§ **Problem description**
Below are some records. Print exactly the lines between the one holding "#65=EDGE_CURVE('E141',#62,#64,#60,.T.);" and the one holding "#79=LINE('',#78,#77);", inclusive, and nothing else.

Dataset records
<<<<

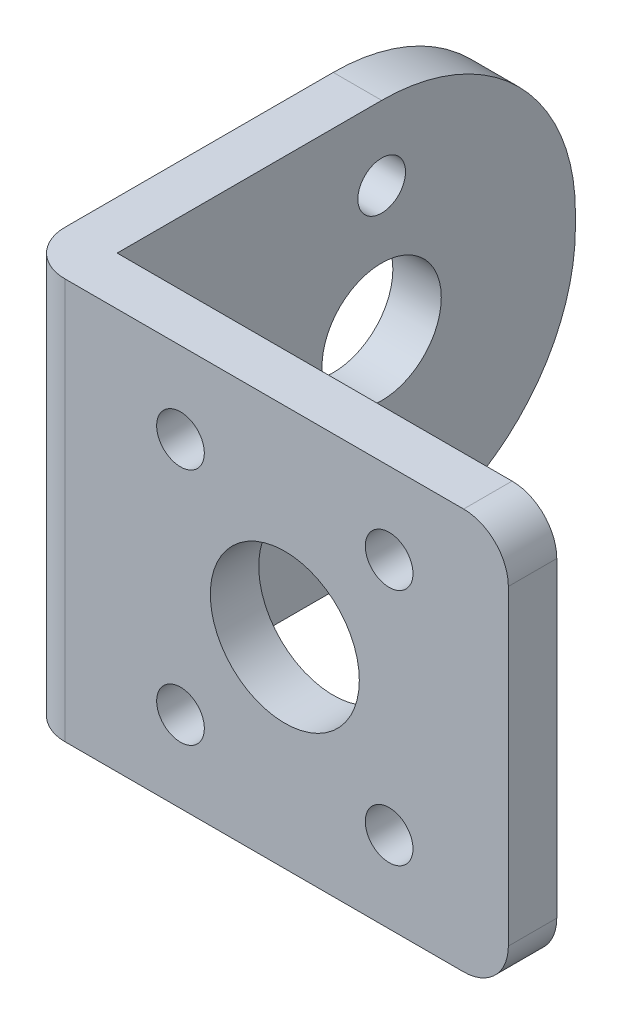
ISO-10303-21;
HEADER;
FILE_DESCRIPTION(('STEP AP214'),'2;1');
FILE_NAME('part.step','',(''),(''),'','','');
FILE_SCHEMA(('AUTOMOTIVE_DESIGN { 1 0 10303 214 1 1 1 1 }'));
ENDSEC;
DATA;
#1=APPLICATION_CONTEXT('core data for automotive mechanical design processes');
#2=APPLICATION_PROTOCOL_DEFINITION('international standard','automotive_design',2000,#1);
#3=PRODUCT_CONTEXT('',#1,'mechanical');
#4=PRODUCT('Part','Part','',(#3));
#5=PRODUCT_RELATED_PRODUCT_CATEGORY('part','',(#4));
#6=PRODUCT_DEFINITION_FORMATION('','',#4);
#7=PRODUCT_DEFINITION_CONTEXT('part definition',#1,'design');
#8=PRODUCT_DEFINITION('design','',#6,#7);
#9=PRODUCT_DEFINITION_SHAPE('','',#8);
#10=(LENGTH_UNIT() NAMED_UNIT(*) SI_UNIT(.MILLI.,.METRE.));
#11=(NAMED_UNIT(*) PLANE_ANGLE_UNIT() SI_UNIT($,.RADIAN.));
#12=(NAMED_UNIT(*) SI_UNIT($,.STERADIAN.) SOLID_ANGLE_UNIT());
#13=UNCERTAINTY_MEASURE_WITH_UNIT(LENGTH_MEASURE(1.E-05),#10,'distance_accuracy_value','');
#14=(GEOMETRIC_REPRESENTATION_CONTEXT(3) GLOBAL_UNCERTAINTY_ASSIGNED_CONTEXT((#13)) GLOBAL_UNIT_ASSIGNED_CONTEXT((#10,
#11,#12)) REPRESENTATION_CONTEXT('',''));
#15=CARTESIAN_POINT('',(0.,0.,0.));
#16=DIRECTION('',(0.,0.,1.));
#17=DIRECTION('',(1.,0.,0.));
#18=AXIS2_PLACEMENT_3D('',#15,#16,#17);
#19=CARTESIAN_POINT('',(0.,0.,3.25));
#20=DIRECTION('',(1.,0.,0.));
#21=DIRECTION('',(0.,0.,-1.));
#22=AXIS2_PLACEMENT_3D('',#19,#20,#21);
#23=PLANE('',#22);
#24=CARTESIAN_POINT('',(0.,21.95,-17.75));
#25=DIRECTION('',(1.,0.,0.));
#26=DIRECTION('',(0.,0.,-1.));
#27=AXIS2_PLACEMENT_3D('',#24,#25,#26);
#28=CIRCLE('',#27,1.6);
#29=CARTESIAN_POINT('',(0.,21.95,-19.35));
#30=VERTEX_POINT('',#29);
#31=EDGE_CURVE('E142',#30,#30,#28,.T.);
#32=ORIENTED_EDGE('',*,*,#31,.T.);
#33=EDGE_LOOP('',(#32));
#34=FACE_BOUND('',#33,.T.);
#35=CARTESIAN_POINT('',(0.,13.45,-17.75));
#36=DIRECTION('',(1.,0.,0.));
#37=DIRECTION('',(0.,0.,-1.));
#38=AXIS2_PLACEMENT_3D('',#35,#36,#37);
#39=CIRCLE('',#38,4.);
#40=CARTESIAN_POINT('',(0.,13.45,-21.75));
#41=VERTEX_POINT('',#40);
#42=EDGE_CURVE('E147',#41,#41,#39,.T.);
#43=ORIENTED_EDGE('',*,*,#42,.T.);
#44=EDGE_LOOP('',(#43));
#45=FACE_BOUND('',#44,.T.);
#46=CARTESIAN_POINT('',(0.,4.95,-17.75));
#47=DIRECTION('',(1.,0.,0.));
#48=DIRECTION('',(0.,0.,-1.));
#49=AXIS2_PLACEMENT_3D('',#46,#47,#48);
#50=CIRCLE('',#49,1.6);
#51=CARTESIAN_POINT('',(0.,4.95,-19.35));
#52=VERTEX_POINT('',#51);
#53=EDGE_CURVE('E337',#52,#52,#50,.T.);
#54=ORIENTED_EDGE('',*,*,#53,.T.);
#55=EDGE_LOOP('',(#54));
#56=FACE_BOUND('',#55,.T.);
#57=DIRECTION('',(0.,1.,0.));
#58=VECTOR('',#57,1.);
#59=CARTESIAN_POINT('',(0.,0.,-30.75));
#60=LINE('',#59,#58);
#61=CARTESIAN_POINT('',(0.,13.,-30.75));
#62=VERTEX_POINT('',#61);
#63=CARTESIAN_POINT('',(0.,13.9,-30.75));
#64=VERTEX_POINT('',#63);
#65=EDGE_CURVE('E141',#62,#64,#60,.T.);
#66=ORIENTED_EDGE('',*,*,#65,.F.);
#67=CARTESIAN_POINT('',(0.,13.,-17.75));
#68=DIRECTION('',(1.,0.,0.));
#69=DIRECTION('',(0.,0.,-1.));
#70=AXIS2_PLACEMENT_3D('',#67,#68,#69);
#71=CIRCLE('',#70,13.);
#72=CARTESIAN_POINT('',(0.,0.,-17.75));
#73=VERTEX_POINT('',#72);
#74=EDGE_CURVE('E232',#62,#73,#71,.F.);
#75=ORIENTED_EDGE('',*,*,#74,.T.);
#76=DIRECTION('',(0.,0.,-1.));
#77=VECTOR('',#76,1.);
#78=CARTESIAN_POINT('',(0.,0.,3.25));
#79=LINE('',#78,#77);
#80=CARTESIAN_POINT('',(0.,0.,0.250000000000001));
#81=VERTEX_POINT('',#80);
#82=EDGE_CURVE('E196',#81,#73,#79,.T.);
#83=ORIENTED_EDGE('',*,*,#82,.F.);
#84=DIRECTION('',(0.,-1.,0.));
#85=VECTOR('',#84,1.);
#86=CARTESIAN_POINT('',(0.,0.,0.25));
#87=LINE('',#86,#85);
#88=CARTESIAN_POINT('',(0.,26.9,0.250000000000001));
#89=VERTEX_POINT('',#88);
#90=EDGE_CURVE('E220',#81,#89,#87,.F.);
#91=ORIENTED_EDGE('',*,*,#90,.T.);
#92=DIRECTION('',(0.,0.,-1.));
#93=VECTOR('',#92,1.);
#94=CARTESIAN_POINT('',(0.,26.9,3.25));
#95=LINE('',#94,#93);
#96=CARTESIAN_POINT('',(0.,26.9,-17.75));
#97=VERTEX_POINT('',#96);
#98=EDGE_CURVE('E189',#89,#97,#95,.T.);
#99=ORIENTED_EDGE('',*,*,#98,.T.);
#100=CARTESIAN_POINT('',(0.,13.9,-17.75));
#101=DIRECTION('',(1.,0.,0.));
#102=DIRECTION('',(0.,0.,-1.));
#103=AXIS2_PLACEMENT_3D('',#100,#101,#102);
#104=CIRCLE('',#103,13.);
#105=EDGE_CURVE('E230',#97,#64,#104,.F.);
#106=ORIENTED_EDGE('',*,*,#105,.T.);
#107=EDGE_LOOP('',(#66,#75,#83,#91,#99,#106));
#108=FACE_BOUND('',#107,.T.);
#109=ADVANCED_FACE('F36',(#34,#45,#56,#108),#23,.F.);
#110=CARTESIAN_POINT('',(0.,0.,3.25));
#111=DIRECTION('',(0.,1.,0.));
#112=DIRECTION('',(0.,0.,1.));
#113=AXIS2_PLACEMENT_3D('',#110,#111,#112);
#114=PLANE('',#113);
#115=ORIENTED_EDGE('',*,*,#82,.T.);
#116=DIRECTION('',(-1.,0.,0.));
#117=VECTOR('',#116,1.);
#118=CARTESIAN_POINT('',(3.25,0.,-17.75));
#119=LINE('',#118,#117);
#120=CARTESIAN_POINT('',(3.25,0.,-17.75));
#121=VERTEX_POINT('',#120);
#122=EDGE_CURVE('E59',#73,#121,#119,.F.);
#123=ORIENTED_EDGE('',*,*,#122,.T.);
#124=DIRECTION('',(0.,0.,1.));
#125=VECTOR('',#124,1.);
#126=CARTESIAN_POINT('',(3.25,0.,-30.75));
#127=LINE('',#126,#125);
#128=CARTESIAN_POINT('',(3.25,0.,0.));
#129=VERTEX_POINT('',#128);
#130=EDGE_CURVE('E116',#121,#129,#127,.T.);
#131=ORIENTED_EDGE('',*,*,#130,.T.);
#132=DIRECTION('',(1.,0.,0.));
#133=VECTOR('',#132,1.);
#134=CARTESIAN_POINT('',(0.,0.,0.));
#135=LINE('',#134,#133);
#136=CARTESIAN_POINT('',(29.75,0.,0.));
#137=VERTEX_POINT('',#136);
#138=EDGE_CURVE('E120',#129,#137,#135,.T.);
#139=ORIENTED_EDGE('',*,*,#138,.T.);
#140=DIRECTION('',(0.,0.,-1.));
#141=VECTOR('',#140,1.);
#142=CARTESIAN_POINT('',(29.75,0.,3.25));
#143=LINE('',#142,#141);
#144=CARTESIAN_POINT('',(29.75,0.,3.25));
#145=VERTEX_POINT('',#144);
#146=EDGE_CURVE('E206',#137,#145,#143,.F.);
#147=ORIENTED_EDGE('',*,*,#146,.T.);
#148=DIRECTION('',(1.,0.,0.));
#149=VECTOR('',#148,1.);
#150=CARTESIAN_POINT('',(0.,0.,3.25));
#151=LINE('',#150,#149);
#152=CARTESIAN_POINT('',(3.,0.,3.25));
#153=VERTEX_POINT('',#152);
#154=EDGE_CURVE('E181',#153,#145,#151,.T.);
#155=ORIENTED_EDGE('',*,*,#154,.F.);
#156=CARTESIAN_POINT('',(3.,0.,0.25));
#157=DIRECTION('',(0.,1.,0.));
#158=DIRECTION('',(0.,0.,1.));
#159=AXIS2_PLACEMENT_3D('',#156,#157,#158);
#160=CIRCLE('',#159,3.);
#161=EDGE_CURVE('E218',#153,#81,#160,.F.);
#162=ORIENTED_EDGE('',*,*,#161,.T.);
#163=EDGE_LOOP('',(#115,#123,#131,#139,#147,#155,#162));
#164=FACE_BOUND('',#163,.T.);
#165=ADVANCED_FACE('F118',(#164),#114,.F.);
#166=CARTESIAN_POINT('',(32.75,0.,3.25));
#167=DIRECTION('',(-1.,0.,0.));
#168=DIRECTION('',(0.,0.,1.));
#169=AXIS2_PLACEMENT_3D('',#166,#167,#168);
#170=PLANE('',#169);
#171=DIRECTION('',(0.,1.,0.));
#172=VECTOR('',#171,1.);
#173=CARTESIAN_POINT('',(32.75,0.,3.25));
#174=LINE('',#173,#172);
#175=CARTESIAN_POINT('',(32.75,3.,3.25));
#176=VERTEX_POINT('',#175);
#177=CARTESIAN_POINT('',(32.75,23.9,3.25));
#178=VERTEX_POINT('',#177);
#179=EDGE_CURVE('E183',#176,#178,#174,.T.);
#180=ORIENTED_EDGE('',*,*,#179,.F.);
#181=DIRECTION('',(0.,0.,-1.));
#182=VECTOR('',#181,1.);
#183=CARTESIAN_POINT('',(32.75,3.,3.25));
#184=LINE('',#183,#182);
#185=CARTESIAN_POINT('',(32.75,3.,0.));
#186=VERTEX_POINT('',#185);
#187=EDGE_CURVE('E200',#176,#186,#184,.T.);
#188=ORIENTED_EDGE('',*,*,#187,.T.);
#189=DIRECTION('',(0.,1.,0.));
#190=VECTOR('',#189,1.);
#191=CARTESIAN_POINT('',(32.75,0.,0.));
#192=LINE('',#191,#190);
#193=CARTESIAN_POINT('',(32.75,23.9,0.));
#194=VERTEX_POINT('',#193);
#195=EDGE_CURVE('E137',#186,#194,#192,.T.);
#196=ORIENTED_EDGE('',*,*,#195,.T.);
#197=DIRECTION('',(0.,0.,-1.));
#198=VECTOR('',#197,1.);
#199=CARTESIAN_POINT('',(32.75,23.9,3.25));
#200=LINE('',#199,#198);
#201=EDGE_CURVE('E198',#194,#178,#200,.F.);
#202=ORIENTED_EDGE('',*,*,#201,.T.);
#203=EDGE_LOOP('',(#180,#188,#196,#202));
#204=FACE_BOUND('',#203,.T.);
#205=ADVANCED_FACE('F264',(#204),#170,.F.);
#206=CARTESIAN_POINT('',(0.,26.9,3.25));
#207=DIRECTION('',(0.,-1.,0.));
#208=DIRECTION('',(0.,0.,-1.));
#209=AXIS2_PLACEMENT_3D('',#206,#207,#208);
#210=PLANE('',#209);
#211=DIRECTION('',(0.,0.,1.));
#212=VECTOR('',#211,1.);
#213=CARTESIAN_POINT('',(3.25,26.9,-30.75));
#214=LINE('',#213,#212);
#215=CARTESIAN_POINT('',(3.25,26.9,-17.75));
#216=VERTEX_POINT('',#215);
#217=CARTESIAN_POINT('',(3.25,26.9,0.));
#218=VERTEX_POINT('',#217);
#219=EDGE_CURVE('E124',#216,#218,#214,.T.);
#220=ORIENTED_EDGE('',*,*,#219,.F.);
#221=DIRECTION('',(1.,0.,0.));
#222=VECTOR('',#221,1.);
#223=CARTESIAN_POINT('',(0.,26.9,-17.75));
#224=LINE('',#223,#222);
#225=EDGE_CURVE('E11',#216,#97,#224,.F.);
#226=ORIENTED_EDGE('',*,*,#225,.T.);
#227=ORIENTED_EDGE('',*,*,#98,.F.);
#228=CARTESIAN_POINT('',(3.,26.9,0.25));
#229=DIRECTION('',(0.,-1.,0.));
#230=DIRECTION('',(0.,0.,-1.));
#231=AXIS2_PLACEMENT_3D('',#228,#229,#230);
#232=CIRCLE('',#231,3.);
#233=CARTESIAN_POINT('',(3.,26.9,3.25));
#234=VERTEX_POINT('',#233);
#235=EDGE_CURVE('E222',#89,#234,#232,.F.);
#236=ORIENTED_EDGE('',*,*,#235,.T.);
#237=DIRECTION('',(-1.,0.,0.));
#238=VECTOR('',#237,1.);
#239=CARTESIAN_POINT('',(0.,26.9,3.25));
#240=LINE('',#239,#238);
#241=CARTESIAN_POINT('',(29.75,26.9,3.25));
#242=VERTEX_POINT('',#241);
#243=EDGE_CURVE('E187',#242,#234,#240,.T.);
#244=ORIENTED_EDGE('',*,*,#243,.F.);
#245=DIRECTION('',(0.,0.,-1.));
#246=VECTOR('',#245,1.);
#247=CARTESIAN_POINT('',(29.75,26.9,3.25));
#248=LINE('',#247,#246);
#249=CARTESIAN_POINT('',(29.75,26.9,0.));
#250=VERTEX_POINT('',#249);
#251=EDGE_CURVE('E212',#242,#250,#248,.T.);
#252=ORIENTED_EDGE('',*,*,#251,.T.);
#253=DIRECTION('',(-1.,0.,0.));
#254=VECTOR('',#253,1.);
#255=CARTESIAN_POINT('',(0.,26.9,0.));
#256=LINE('',#255,#254);
#257=EDGE_CURVE('E184',#250,#218,#256,.T.);
#258=ORIENTED_EDGE('',*,*,#257,.T.);
#259=EDGE_LOOP('',(#220,#226,#227,#236,#244,#252,#258));
#260=FACE_BOUND('',#259,.T.);
#261=ADVANCED_FACE('F257',(#260),#210,.F.);
#262=CARTESIAN_POINT('',(0.,0.,3.25));
#263=DIRECTION('',(0.,0.,-1.));
#264=DIRECTION('',(-1.,0.,0.));
#265=AXIS2_PLACEMENT_3D('',#262,#263,#264);
#266=PLANE('',#265);
#267=CARTESIAN_POINT('',(10.75,5.45,3.25));
#268=DIRECTION('',(0.,0.,1.));
#269=DIRECTION('',(1.,0.,0.));
#270=AXIS2_PLACEMENT_3D('',#267,#268,#269);
#271=CIRCLE('',#270,1.6);
#272=CARTESIAN_POINT('',(12.35,5.45,3.25));
#273=VERTEX_POINT('',#272);
#274=EDGE_CURVE('E172',#273,#273,#271,.T.);
#275=ORIENTED_EDGE('',*,*,#274,.F.);
#276=EDGE_LOOP('',(#275));
#277=FACE_BOUND('',#276,.T.);
#278=CARTESIAN_POINT('',(24.75,5.45,3.25));
#279=DIRECTION('',(0.,0.,1.));
#280=DIRECTION('',(1.,0.,0.));
#281=AXIS2_PLACEMENT_3D('',#278,#279,#280);
#282=CIRCLE('',#281,1.6);
#283=CARTESIAN_POINT('',(26.35,5.45,3.25));
#284=VERTEX_POINT('',#283);
#285=EDGE_CURVE('E166',#284,#284,#282,.T.);
#286=ORIENTED_EDGE('',*,*,#285,.F.);
#287=EDGE_LOOP('',(#286));
#288=FACE_BOUND('',#287,.T.);
#289=CARTESIAN_POINT('',(24.75,21.45,3.25));
#290=DIRECTION('',(0.,0.,1.));
#291=DIRECTION('',(1.,0.,0.));
#292=AXIS2_PLACEMENT_3D('',#289,#290,#291);
#293=CIRCLE('',#292,1.6);
#294=CARTESIAN_POINT('',(26.35,21.45,3.25));
#295=VERTEX_POINT('',#294);
#296=EDGE_CURVE('E160',#295,#295,#293,.T.);
#297=ORIENTED_EDGE('',*,*,#296,.F.);
#298=EDGE_LOOP('',(#297));
#299=FACE_BOUND('',#298,.T.);
#300=CARTESIAN_POINT('',(17.75,13.45,3.25));
#301=DIRECTION('',(0.,0.,1.));
#302=DIRECTION('',(1.,0.,0.));
#303=AXIS2_PLACEMENT_3D('',#300,#301,#302);
#304=CIRCLE('',#303,5.);
#305=CARTESIAN_POINT('',(22.75,13.45,3.25));
#306=VERTEX_POINT('',#305);
#307=EDGE_CURVE('E153',#306,#306,#304,.T.);
#308=ORIENTED_EDGE('',*,*,#307,.F.);
#309=EDGE_LOOP('',(#308));
#310=FACE_BOUND('',#309,.T.);
#311=CARTESIAN_POINT('',(10.75,21.45,3.25));
#312=DIRECTION('',(0.,0.,1.));
#313=DIRECTION('',(1.,0.,0.));
#314=AXIS2_PLACEMENT_3D('',#311,#312,#313);
#315=CIRCLE('',#314,1.6);
#316=CARTESIAN_POINT('',(12.35,21.45,3.25));
#317=VERTEX_POINT('',#316);
#318=EDGE_CURVE('E156',#317,#317,#315,.T.);
#319=ORIENTED_EDGE('',*,*,#318,.F.);
#320=EDGE_LOOP('',(#319));
#321=FACE_BOUND('',#320,.T.);
#322=ORIENTED_EDGE('',*,*,#243,.T.);
#323=DIRECTION('',(0.,-1.,0.));
#324=VECTOR('',#323,1.);
#325=CARTESIAN_POINT('',(3.,0.,3.25));
#326=LINE('',#325,#324);
#327=EDGE_CURVE('E215',#234,#153,#326,.T.);
#328=ORIENTED_EDGE('',*,*,#327,.T.);
#329=ORIENTED_EDGE('',*,*,#154,.T.);
#330=CARTESIAN_POINT('',(29.75,3.,3.25));
#331=DIRECTION('',(0.,0.,-1.));
#332=DIRECTION('',(-1.,0.,0.));
#333=AXIS2_PLACEMENT_3D('',#330,#331,#332);
#334=CIRCLE('',#333,3.);
#335=EDGE_CURVE('E210',#145,#176,#334,.F.);
#336=ORIENTED_EDGE('',*,*,#335,.T.);
#337=ORIENTED_EDGE('',*,*,#179,.T.);
#338=CARTESIAN_POINT('',(29.75,23.9,3.25));
#339=DIRECTION('',(0.,0.,-1.));
#340=DIRECTION('',(-1.,0.,0.));
#341=AXIS2_PLACEMENT_3D('',#338,#339,#340);
#342=CIRCLE('',#341,3.);
#343=EDGE_CURVE('E208',#178,#242,#342,.F.);
#344=ORIENTED_EDGE('',*,*,#343,.T.);
#345=EDGE_LOOP('',(#322,#328,#329,#336,#337,#344));
#346=FACE_BOUND('',#345,.T.);
#347=ADVANCED_FACE('F252',(#277,#288,#299,#310,#321,#346),#266,.F.);
#348=CARTESIAN_POINT('',(0.,0.,0.));
#349=DIRECTION('',(0.,0.,-1.));
#350=DIRECTION('',(-1.,0.,0.));
#351=AXIS2_PLACEMENT_3D('',#348,#349,#350);
#352=PLANE('',#351);
#353=DIRECTION('',(0.,-1.,0.));
#354=VECTOR('',#353,1.);
#355=CARTESIAN_POINT('',(3.25,0.,0.));
#356=LINE('',#355,#354);
#357=EDGE_CURVE('E132',#218,#129,#356,.T.);
#358=ORIENTED_EDGE('',*,*,#357,.F.);
#359=ORIENTED_EDGE('',*,*,#257,.F.);
#360=CARTESIAN_POINT('',(29.75,23.9,0.));
#361=DIRECTION('',(0.,0.,-1.));
#362=DIRECTION('',(-1.,0.,0.));
#363=AXIS2_PLACEMENT_3D('',#360,#361,#362);
#364=CIRCLE('',#363,3.);
#365=EDGE_CURVE('E203',#250,#194,#364,.T.);
#366=ORIENTED_EDGE('',*,*,#365,.T.);
#367=ORIENTED_EDGE('',*,*,#195,.F.);
#368=CARTESIAN_POINT('',(29.75,3.,0.));
#369=DIRECTION('',(0.,0.,-1.));
#370=DIRECTION('',(-1.,0.,0.));
#371=AXIS2_PLACEMENT_3D('',#368,#369,#370);
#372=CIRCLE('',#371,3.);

>>>>

§ **Solution to this problem**
#65=EDGE_CURVE('E141',#62,#64,#60,.T.);
#66=ORIENTED_EDGE('',*,*,#65,.F.);
#67=CARTESIAN_POINT('',(0.,13.,-17.75));
#68=DIRECTION('',(1.,0.,0.));
#69=DIRECTION('',(0.,0.,-1.));
#70=AXIS2_PLACEMENT_3D('',#67,#68,#69);
#71=CIRCLE('',#70,13.);
#72=CARTESIAN_POINT('',(0.,0.,-17.75));
#73=VERTEX_POINT('',#72);
#74=EDGE_CURVE('E232',#62,#73,#71,.F.);
#75=ORIENTED_EDGE('',*,*,#74,.T.);
#76=DIRECTION('',(0.,0.,-1.));
#77=VECTOR('',#76,1.);
#78=CARTESIAN_POINT('',(0.,0.,3.25));
#79=LINE('',#78,#77);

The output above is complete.